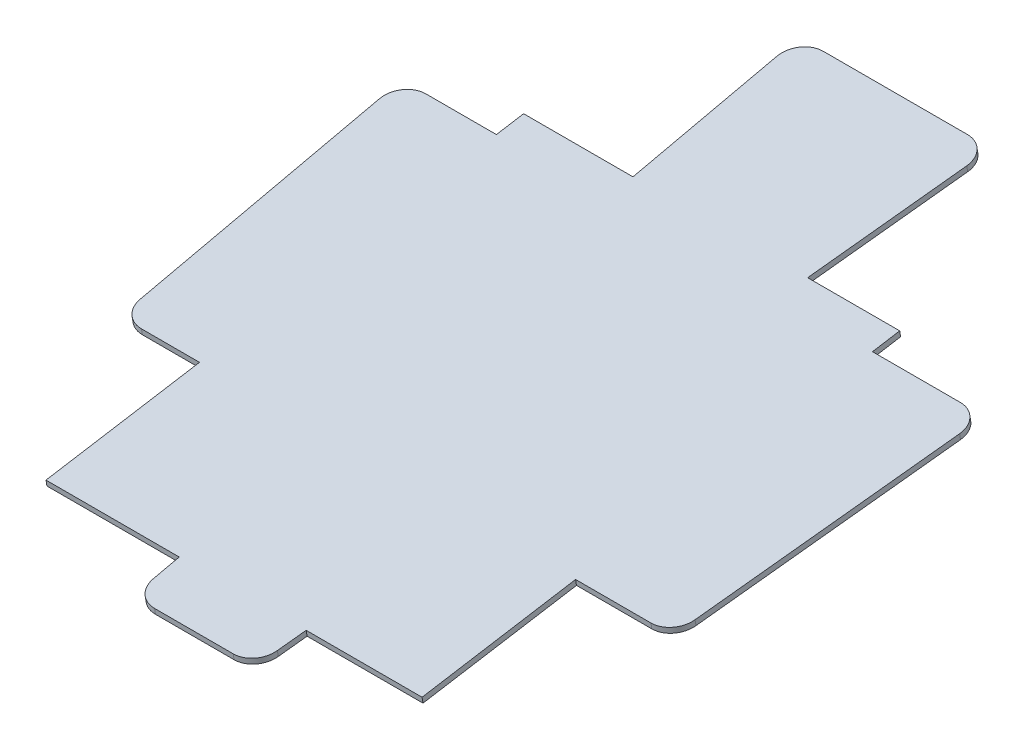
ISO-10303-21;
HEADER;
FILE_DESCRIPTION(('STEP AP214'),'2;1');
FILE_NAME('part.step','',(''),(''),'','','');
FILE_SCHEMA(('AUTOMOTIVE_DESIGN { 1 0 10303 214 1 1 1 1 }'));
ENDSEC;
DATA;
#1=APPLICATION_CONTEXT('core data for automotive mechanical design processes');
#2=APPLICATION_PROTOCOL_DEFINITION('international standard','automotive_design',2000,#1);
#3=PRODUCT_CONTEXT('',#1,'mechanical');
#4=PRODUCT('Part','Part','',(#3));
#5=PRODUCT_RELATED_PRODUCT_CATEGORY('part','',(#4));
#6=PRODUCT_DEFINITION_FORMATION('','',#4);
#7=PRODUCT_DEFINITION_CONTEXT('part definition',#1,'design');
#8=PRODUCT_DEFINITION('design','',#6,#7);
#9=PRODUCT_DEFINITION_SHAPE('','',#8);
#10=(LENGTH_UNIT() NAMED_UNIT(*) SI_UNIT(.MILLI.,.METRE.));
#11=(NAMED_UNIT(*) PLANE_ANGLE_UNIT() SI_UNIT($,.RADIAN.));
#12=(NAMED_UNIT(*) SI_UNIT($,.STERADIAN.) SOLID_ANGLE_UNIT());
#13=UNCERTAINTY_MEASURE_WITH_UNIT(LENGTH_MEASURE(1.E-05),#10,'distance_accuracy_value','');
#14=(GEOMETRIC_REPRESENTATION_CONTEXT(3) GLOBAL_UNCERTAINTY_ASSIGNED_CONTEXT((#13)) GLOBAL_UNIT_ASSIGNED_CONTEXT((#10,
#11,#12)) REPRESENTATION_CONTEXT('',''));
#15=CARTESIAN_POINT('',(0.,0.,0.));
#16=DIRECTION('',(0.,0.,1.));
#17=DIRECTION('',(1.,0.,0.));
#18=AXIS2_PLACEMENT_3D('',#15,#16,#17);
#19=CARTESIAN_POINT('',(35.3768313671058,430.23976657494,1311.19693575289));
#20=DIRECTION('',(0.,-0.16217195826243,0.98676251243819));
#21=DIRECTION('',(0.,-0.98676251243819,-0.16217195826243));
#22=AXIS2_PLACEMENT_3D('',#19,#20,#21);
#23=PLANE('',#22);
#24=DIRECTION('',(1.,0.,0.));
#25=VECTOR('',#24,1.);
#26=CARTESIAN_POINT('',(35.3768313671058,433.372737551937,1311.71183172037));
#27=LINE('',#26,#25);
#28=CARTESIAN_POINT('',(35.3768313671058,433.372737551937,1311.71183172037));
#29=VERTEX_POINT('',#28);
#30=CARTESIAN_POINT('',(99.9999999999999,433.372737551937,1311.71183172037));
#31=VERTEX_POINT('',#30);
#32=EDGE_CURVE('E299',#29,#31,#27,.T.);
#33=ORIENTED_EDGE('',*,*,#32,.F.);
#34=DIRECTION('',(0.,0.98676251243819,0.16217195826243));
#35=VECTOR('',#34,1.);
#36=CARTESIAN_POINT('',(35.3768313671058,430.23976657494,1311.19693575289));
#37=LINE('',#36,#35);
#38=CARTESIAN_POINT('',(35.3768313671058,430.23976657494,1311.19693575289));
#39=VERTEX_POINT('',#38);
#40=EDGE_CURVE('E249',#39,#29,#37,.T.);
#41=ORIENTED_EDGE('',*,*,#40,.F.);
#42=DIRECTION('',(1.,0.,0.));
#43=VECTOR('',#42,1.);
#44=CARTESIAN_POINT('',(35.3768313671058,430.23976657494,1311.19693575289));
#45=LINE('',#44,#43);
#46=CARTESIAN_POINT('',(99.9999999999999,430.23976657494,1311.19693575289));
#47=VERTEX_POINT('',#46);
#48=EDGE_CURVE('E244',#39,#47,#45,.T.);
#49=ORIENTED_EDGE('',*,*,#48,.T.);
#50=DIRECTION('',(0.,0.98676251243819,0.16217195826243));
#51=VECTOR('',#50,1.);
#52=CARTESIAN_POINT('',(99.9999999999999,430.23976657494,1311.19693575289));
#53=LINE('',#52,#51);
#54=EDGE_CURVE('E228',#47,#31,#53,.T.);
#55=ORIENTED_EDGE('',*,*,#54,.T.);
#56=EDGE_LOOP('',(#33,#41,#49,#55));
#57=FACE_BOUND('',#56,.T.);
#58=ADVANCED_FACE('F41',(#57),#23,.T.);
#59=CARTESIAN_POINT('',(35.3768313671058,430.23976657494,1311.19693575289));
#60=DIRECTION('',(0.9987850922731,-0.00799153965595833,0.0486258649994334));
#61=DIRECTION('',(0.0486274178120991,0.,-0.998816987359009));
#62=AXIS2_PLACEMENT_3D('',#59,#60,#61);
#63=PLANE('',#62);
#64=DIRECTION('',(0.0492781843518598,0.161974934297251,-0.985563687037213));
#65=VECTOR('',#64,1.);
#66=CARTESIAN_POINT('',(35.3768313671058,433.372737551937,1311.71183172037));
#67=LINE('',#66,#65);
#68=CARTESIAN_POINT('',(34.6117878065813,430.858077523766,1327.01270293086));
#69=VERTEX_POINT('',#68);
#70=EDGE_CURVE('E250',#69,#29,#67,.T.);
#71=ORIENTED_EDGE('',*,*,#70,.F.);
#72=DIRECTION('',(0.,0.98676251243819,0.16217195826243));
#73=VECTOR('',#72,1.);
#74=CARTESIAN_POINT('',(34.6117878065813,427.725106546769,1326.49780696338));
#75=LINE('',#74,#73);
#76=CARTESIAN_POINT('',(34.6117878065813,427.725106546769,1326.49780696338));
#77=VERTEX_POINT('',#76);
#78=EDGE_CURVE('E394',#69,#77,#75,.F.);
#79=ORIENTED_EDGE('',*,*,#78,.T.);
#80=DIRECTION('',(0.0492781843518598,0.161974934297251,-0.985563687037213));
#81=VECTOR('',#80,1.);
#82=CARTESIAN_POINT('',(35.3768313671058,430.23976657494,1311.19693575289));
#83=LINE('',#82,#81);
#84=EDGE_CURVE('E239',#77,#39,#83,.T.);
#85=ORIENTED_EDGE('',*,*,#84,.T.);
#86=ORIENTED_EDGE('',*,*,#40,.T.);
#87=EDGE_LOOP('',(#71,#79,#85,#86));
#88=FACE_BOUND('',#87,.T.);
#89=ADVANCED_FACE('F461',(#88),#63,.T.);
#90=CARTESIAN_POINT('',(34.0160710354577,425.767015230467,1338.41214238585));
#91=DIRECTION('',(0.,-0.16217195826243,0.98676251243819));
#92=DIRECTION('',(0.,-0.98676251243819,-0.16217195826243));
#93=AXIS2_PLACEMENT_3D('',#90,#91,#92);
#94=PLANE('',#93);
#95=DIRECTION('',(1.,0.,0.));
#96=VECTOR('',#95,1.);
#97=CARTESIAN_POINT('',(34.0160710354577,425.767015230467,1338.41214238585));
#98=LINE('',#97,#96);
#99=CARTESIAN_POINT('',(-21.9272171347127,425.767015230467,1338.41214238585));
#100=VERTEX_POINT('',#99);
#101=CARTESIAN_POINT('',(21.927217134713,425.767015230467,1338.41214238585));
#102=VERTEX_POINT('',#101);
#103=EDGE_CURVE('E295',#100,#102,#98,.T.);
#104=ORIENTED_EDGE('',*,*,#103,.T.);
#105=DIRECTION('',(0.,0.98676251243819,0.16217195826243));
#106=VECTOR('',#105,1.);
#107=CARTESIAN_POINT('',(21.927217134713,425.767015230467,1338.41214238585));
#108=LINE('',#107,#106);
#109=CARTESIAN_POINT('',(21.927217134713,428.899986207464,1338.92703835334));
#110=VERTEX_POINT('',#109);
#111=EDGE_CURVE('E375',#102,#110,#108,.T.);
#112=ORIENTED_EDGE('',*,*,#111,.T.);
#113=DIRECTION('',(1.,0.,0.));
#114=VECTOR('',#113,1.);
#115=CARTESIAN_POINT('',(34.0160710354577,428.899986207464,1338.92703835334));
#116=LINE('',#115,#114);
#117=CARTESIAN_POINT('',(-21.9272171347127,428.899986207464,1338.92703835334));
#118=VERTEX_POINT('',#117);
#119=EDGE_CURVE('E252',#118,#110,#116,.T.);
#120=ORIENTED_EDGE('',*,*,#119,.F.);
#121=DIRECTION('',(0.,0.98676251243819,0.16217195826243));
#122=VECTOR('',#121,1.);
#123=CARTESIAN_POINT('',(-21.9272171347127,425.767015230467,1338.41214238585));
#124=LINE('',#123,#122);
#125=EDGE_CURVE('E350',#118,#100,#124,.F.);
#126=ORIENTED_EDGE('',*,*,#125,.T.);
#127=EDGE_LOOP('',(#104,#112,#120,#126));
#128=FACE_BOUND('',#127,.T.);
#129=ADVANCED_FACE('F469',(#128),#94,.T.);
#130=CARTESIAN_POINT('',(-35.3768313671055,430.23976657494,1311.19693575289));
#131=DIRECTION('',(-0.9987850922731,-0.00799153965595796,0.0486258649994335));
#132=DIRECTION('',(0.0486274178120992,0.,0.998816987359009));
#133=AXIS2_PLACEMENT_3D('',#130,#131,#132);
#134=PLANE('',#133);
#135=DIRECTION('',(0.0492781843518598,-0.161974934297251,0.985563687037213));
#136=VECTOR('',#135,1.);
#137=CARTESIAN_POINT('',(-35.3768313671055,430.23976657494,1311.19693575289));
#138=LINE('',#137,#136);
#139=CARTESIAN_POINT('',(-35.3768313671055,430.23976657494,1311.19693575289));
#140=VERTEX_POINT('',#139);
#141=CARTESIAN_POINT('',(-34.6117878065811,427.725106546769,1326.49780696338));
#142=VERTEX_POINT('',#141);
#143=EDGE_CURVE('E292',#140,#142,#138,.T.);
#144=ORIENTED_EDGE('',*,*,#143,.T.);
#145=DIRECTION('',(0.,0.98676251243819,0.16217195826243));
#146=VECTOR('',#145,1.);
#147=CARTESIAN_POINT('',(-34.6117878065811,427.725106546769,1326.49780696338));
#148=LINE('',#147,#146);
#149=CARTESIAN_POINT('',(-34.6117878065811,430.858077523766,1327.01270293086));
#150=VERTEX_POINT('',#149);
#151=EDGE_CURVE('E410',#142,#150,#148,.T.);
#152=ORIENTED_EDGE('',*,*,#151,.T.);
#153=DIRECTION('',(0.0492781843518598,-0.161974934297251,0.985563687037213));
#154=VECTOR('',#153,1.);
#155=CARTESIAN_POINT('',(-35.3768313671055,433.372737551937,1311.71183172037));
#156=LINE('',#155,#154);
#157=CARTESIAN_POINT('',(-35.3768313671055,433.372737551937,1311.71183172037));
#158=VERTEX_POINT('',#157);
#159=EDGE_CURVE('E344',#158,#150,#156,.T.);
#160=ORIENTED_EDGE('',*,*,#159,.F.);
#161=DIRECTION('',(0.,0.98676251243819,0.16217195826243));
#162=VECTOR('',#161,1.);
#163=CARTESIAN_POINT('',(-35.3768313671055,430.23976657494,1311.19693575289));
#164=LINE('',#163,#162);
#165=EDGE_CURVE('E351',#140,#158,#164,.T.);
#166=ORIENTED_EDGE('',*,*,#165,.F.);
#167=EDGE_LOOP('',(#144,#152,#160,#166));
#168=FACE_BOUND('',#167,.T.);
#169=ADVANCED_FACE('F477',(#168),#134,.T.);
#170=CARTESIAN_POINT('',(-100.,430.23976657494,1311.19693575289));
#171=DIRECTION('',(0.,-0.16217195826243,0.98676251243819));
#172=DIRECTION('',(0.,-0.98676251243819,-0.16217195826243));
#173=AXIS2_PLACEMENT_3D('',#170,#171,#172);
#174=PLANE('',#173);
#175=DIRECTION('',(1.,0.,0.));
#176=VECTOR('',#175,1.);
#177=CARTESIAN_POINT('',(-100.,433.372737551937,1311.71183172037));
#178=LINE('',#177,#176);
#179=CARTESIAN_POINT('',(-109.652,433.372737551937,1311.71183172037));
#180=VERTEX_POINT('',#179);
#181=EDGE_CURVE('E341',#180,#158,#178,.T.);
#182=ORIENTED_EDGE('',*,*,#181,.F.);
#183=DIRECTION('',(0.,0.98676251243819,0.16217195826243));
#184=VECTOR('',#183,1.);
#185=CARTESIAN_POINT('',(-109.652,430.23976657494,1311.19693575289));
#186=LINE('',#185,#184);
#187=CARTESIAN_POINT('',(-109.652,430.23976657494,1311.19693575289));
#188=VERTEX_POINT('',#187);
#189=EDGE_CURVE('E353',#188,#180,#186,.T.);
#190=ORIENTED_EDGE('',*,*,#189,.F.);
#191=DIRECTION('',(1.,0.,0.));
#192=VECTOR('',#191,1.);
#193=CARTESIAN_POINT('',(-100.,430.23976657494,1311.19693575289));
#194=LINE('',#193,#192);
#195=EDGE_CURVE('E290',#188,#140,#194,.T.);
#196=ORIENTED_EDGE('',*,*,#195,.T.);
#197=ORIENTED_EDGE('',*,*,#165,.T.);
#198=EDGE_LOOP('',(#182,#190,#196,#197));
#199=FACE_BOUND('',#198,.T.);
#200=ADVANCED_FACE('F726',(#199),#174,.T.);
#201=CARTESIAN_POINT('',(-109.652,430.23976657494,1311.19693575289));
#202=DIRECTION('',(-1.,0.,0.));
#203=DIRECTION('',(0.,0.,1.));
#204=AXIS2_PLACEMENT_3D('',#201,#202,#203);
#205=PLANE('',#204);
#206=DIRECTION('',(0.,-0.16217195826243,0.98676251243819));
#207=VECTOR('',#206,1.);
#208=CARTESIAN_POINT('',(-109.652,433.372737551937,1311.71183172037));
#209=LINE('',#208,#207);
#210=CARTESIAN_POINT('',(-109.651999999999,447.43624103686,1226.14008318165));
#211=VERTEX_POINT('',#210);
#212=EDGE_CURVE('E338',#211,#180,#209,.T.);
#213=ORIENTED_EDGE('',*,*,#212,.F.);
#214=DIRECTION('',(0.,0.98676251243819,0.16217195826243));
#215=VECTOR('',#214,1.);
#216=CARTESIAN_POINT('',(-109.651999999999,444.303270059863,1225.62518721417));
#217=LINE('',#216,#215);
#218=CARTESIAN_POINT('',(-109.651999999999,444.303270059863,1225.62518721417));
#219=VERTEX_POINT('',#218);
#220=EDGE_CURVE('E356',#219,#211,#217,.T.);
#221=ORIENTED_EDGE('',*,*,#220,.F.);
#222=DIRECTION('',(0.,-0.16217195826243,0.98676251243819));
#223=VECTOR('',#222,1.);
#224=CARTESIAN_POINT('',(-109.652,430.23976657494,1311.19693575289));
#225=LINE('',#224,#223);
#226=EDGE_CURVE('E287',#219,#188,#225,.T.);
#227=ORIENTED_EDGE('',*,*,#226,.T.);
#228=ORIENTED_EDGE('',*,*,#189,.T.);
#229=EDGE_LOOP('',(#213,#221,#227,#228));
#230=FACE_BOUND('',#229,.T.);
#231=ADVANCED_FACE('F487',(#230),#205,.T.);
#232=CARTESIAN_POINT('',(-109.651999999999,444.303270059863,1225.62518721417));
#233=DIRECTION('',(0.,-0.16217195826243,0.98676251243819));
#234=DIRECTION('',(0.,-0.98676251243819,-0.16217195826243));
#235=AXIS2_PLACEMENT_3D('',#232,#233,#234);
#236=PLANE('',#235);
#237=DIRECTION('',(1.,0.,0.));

▶ **WHAT IS NEEDED**
Would you copy out exactly the lines above that start at the one containing "#77=VERTEX_POINT('',#76);" and end at the one containing "#104=ORIENTED_EDGE('',*,*,#103,.T.);", inclusive?

▶ **WRITTEN ANSWER**
#77=VERTEX_POINT('',#76);
#78=EDGE_CURVE('E394',#69,#77,#75,.F.);
#79=ORIENTED_EDGE('',*,*,#78,.T.);
#80=DIRECTION('',(0.0492781843518598,0.161974934297251,-0.985563687037213));
#81=VECTOR('',#80,1.);
#82=CARTESIAN_POINT('',(35.3768313671058,430.23976657494,1311.19693575289));
#83=LINE('',#82,#81);
#84=EDGE_CURVE('E239',#77,#39,#83,.T.);
#85=ORIENTED_EDGE('',*,*,#84,.T.);
#86=ORIENTED_EDGE('',*,*,#40,.T.);
#87=EDGE_LOOP('',(#71,#79,#85,#86));
#88=FACE_BOUND('',#87,.T.);
#89=ADVANCED_FACE('F461',(#88),#63,.T.);
#90=CARTESIAN_POINT('',(34.0160710354577,425.767015230467,1338.41214238585));
#91=DIRECTION('',(0.,-0.16217195826243,0.98676251243819));
#92=DIRECTION('',(0.,-0.98676251243819,-0.16217195826243));
#93=AXIS2_PLACEMENT_3D('',#90,#91,#92);
#94=PLANE('',#93);
#95=DIRECTION('',(1.,0.,0.));
#96=VECTOR('',#95,1.);
#97=CARTESIAN_POINT('',(34.0160710354577,425.767015230467,1338.41214238585));
#98=LINE('',#97,#96);
#99=CARTESIAN_POINT('',(-21.9272171347127,425.767015230467,1338.41214238585));
#100=VERTEX_POINT('',#99);
#101=CARTESIAN_POINT('',(21.927217134713,425.767015230467,1338.41214238585));
#102=VERTEX_POINT('',#101);
#103=EDGE_CURVE('E295',#100,#102,#98,.T.);
#104=ORIENTED_EDGE('',*,*,#103,.T.);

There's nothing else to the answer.